What is required:
Send back the data below exactly. Drop every picture.

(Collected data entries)
------------
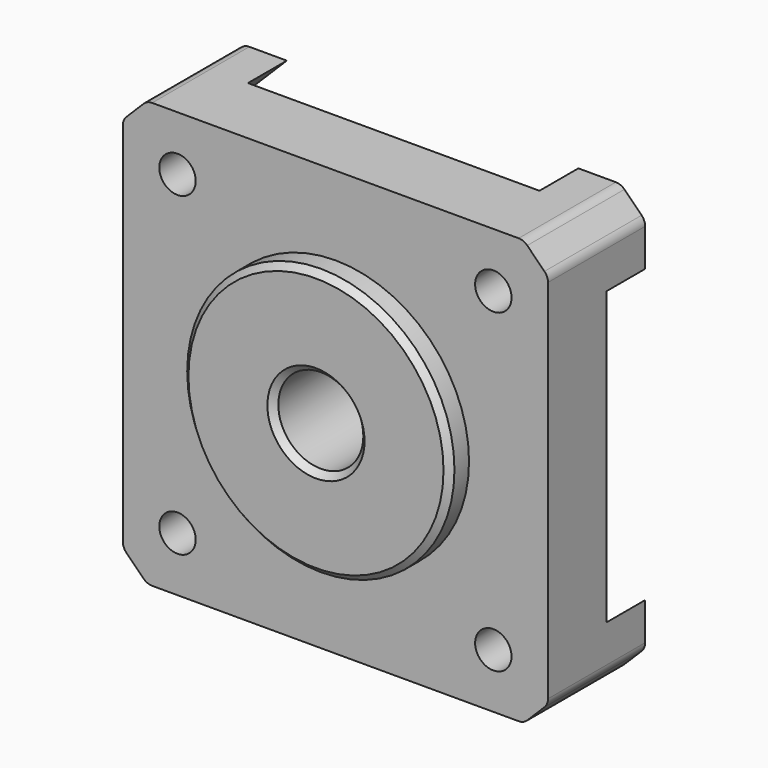
from build123d import *

# Parameters (mm, degrees)
F0_W      = 35
F0_H      = 35
F1_DEPTH  = 10
F2_SIZE   = 2
F3_R      = 11
F4_DEPTH  = 0.5
F5_R      = 11
F6_DEPTH  = 2.5
F7_R      = 3.5
F8_DEPTH  = 12.001
F9_R      = 1
F10_SIZE  = 0.5
F11_R     = 1.5
F12_DEPTH = 10.001
F14_DEPTH = 4


with BuildPart() as f1:
    # F0 (on Front) → F1 (new body)
    with BuildSketch(Plane.XZ):
        Rectangle(F0_W, F0_H)
    extrude(amount=F1_DEPTH)

    # F2
    f2_edges = [f1.edges().sort_by_distance(p)[0] for p in [
        (-17.5, -5, 17.5),
        (17.5, -5, 17.5),
        (17.5, -5, -17.5),
        (-17.5, -5, -17.5),
    ]]
    chamfer(f2_edges, length=F2_SIZE)

    # F3 (on face) → F4 (cut)
    with BuildSketch(Plane.XZ.offset(10)):
        Circle(F3_R)
    extrude(amount=-F4_DEPTH, mode=Mode.SUBTRACT)

    # F5 (on face) → F6 (join)
    with BuildSketch(Plane.XZ.offset(9.5)):
        Circle(F5_R)
    extrude(amount=F6_DEPTH)

    # F7 (on face) → F8 (cut, through all)
    with BuildSketch(Plane.XZ.offset(12)):
        Circle(F7_R)
    extrude(amount=-F8_DEPTH, mode=Mode.SUBTRACT)

    # F9
    f9_edges = [f1.edges().sort_by_distance(p)[0] for p in [
        (-15.5, -5, 17.5),
        (15.5, -5, 17.5),
        (17.5, -5, 15.5),
        (17.5, -5, -15.5),
        (15.5, -5, -17.5),
        (-15.5, -5, -17.5),
        (-17.5, -5, -15.5),
        (-17.5, -5, 15.5),
    ]]
    fillet(f9_edges, radius=F9_R)

    # F10
    f10_edges = [f1.edges().sort_by_distance(p)[0] for p in [
        (-11, -12, 0),
        (-3.5, -12, 0),
    ]]
    chamfer(f10_edges, length=F10_SIZE)

    # F11 (on face) → F12 (cut, through all)
    with BuildSketch(Plane.XZ.offset(10)):
        with Locations((-13, 13)):
            Circle(F11_R)
        with Locations((-13, -13)):
            Circle(F11_R)
        with Locations((13, -13)):
            Circle(F11_R)
        with Locations((13, 13)):
            Circle(F11_R)
    extrude(amount=-F12_DEPTH, mode=Mode.SUBTRACT)

    # F13 (on face) → F14 (cut)
    with BuildSketch(Plane(origin=(0, 0, 0), x_dir=(-1, 0, 0), z_dir=(0, 1, 0))):
        Polygon((12, 17.5), (-12, 17.5), (-17.5, 12), (-17.5, -12), (-12, -17.5), (12, -17.5), (17.5, -12), (17.5, 12), align=None)
    extrude(amount=-F14_DEPTH, mode=Mode.SUBTRACT)


solid = f1.part
------------
Answer below:
from build123d import *

# Parameters (mm, degrees)
F0_W      = 35
F0_H      = 35
F1_DEPTH  = 10
F2_SIZE   = 2
F3_R      = 11
F4_DEPTH  = 0.5
F5_R      = 11
F6_DEPTH  = 2.5
F7_R      = 3.5
F8_DEPTH  = 12.001
F9_R      = 1
F10_SIZE  = 0.5
F11_R     = 1.5
F12_DEPTH = 10.001
F14_DEPTH = 4


with BuildPart() as f1:
    # F0 (on Front) → F1 (new body)
    with BuildSketch(Plane.XZ):
        Rectangle(F0_W, F0_H)
    extrude(amount=F1_DEPTH)

    # F2
    f2_edges = [f1.edges().sort_by_distance(p)[0] for p in [
        (-17.5, -5, 17.5),
        (17.5, -5, 17.5),
        (17.5, -5, -17.5),
        (-17.5, -5, -17.5),
    ]]
    chamfer(f2_edges, length=F2_SIZE)

    # F3 (on face) → F4 (cut)
    with BuildSketch(Plane.XZ.offset(10)):
        Circle(F3_R)
    extrude(amount=-F4_DEPTH, mode=Mode.SUBTRACT)

    # F5 (on face) → F6 (join)
    with BuildSketch(Plane.XZ.offset(9.5)):
        Circle(F5_R)
    extrude(amount=F6_DEPTH)

    # F7 (on face) → F8 (cut, through all)
    with BuildSketch(Plane.XZ.offset(12)):
        Circle(F7_R)
    extrude(amount=-F8_DEPTH, mode=Mode.SUBTRACT)

    # F9
    f9_edges = [f1.edges().sort_by_distance(p)[0] for p in [
        (-15.5, -5, 17.5),
        (15.5, -5, 17.5),
        (17.5, -5, 15.5),
        (17.5, -5, -15.5),
        (15.5, -5, -17.5),
        (-15.5, -5, -17.5),
        (-17.5, -5, -15.5),
        (-17.5, -5, 15.5),
    ]]
    fillet(f9_edges, radius=F9_R)

    # F10
    f10_edges = [f1.edges().sort_by_distance(p)[0] for p in [
        (-11, -12, 0),
        (-3.5, -12, 0),
    ]]
    chamfer(f10_edges, length=F10_SIZE)

    # F11 (on face) → F12 (cut, through all)
    with BuildSketch(Plane.XZ.offset(10)):
        with Locations((-13, 13)):
            Circle(F11_R)
        with Locations((-13, -13)):
            Circle(F11_R)
        with Locations((13, -13)):
            Circle(F11_R)
        with Locations((13, 13)):
            Circle(F11_R)
    extrude(amount=-F12_DEPTH, mode=Mode.SUBTRACT)

    # F13 (on face) → F14 (cut)
    with BuildSketch(Plane(origin=(0, 0, 0), x_dir=(-1, 0, 0), z_dir=(0, 1, 0))):
        Polygon((12, 17.5), (-12, 17.5), (-17.5, 12), (-17.5, -12), (-12, -17.5), (12, -17.5), (17.5, -12), (17.5, 12), align=None)
    extrude(amount=-F14_DEPTH, mode=Mode.SUBTRACT)


solid = f1.part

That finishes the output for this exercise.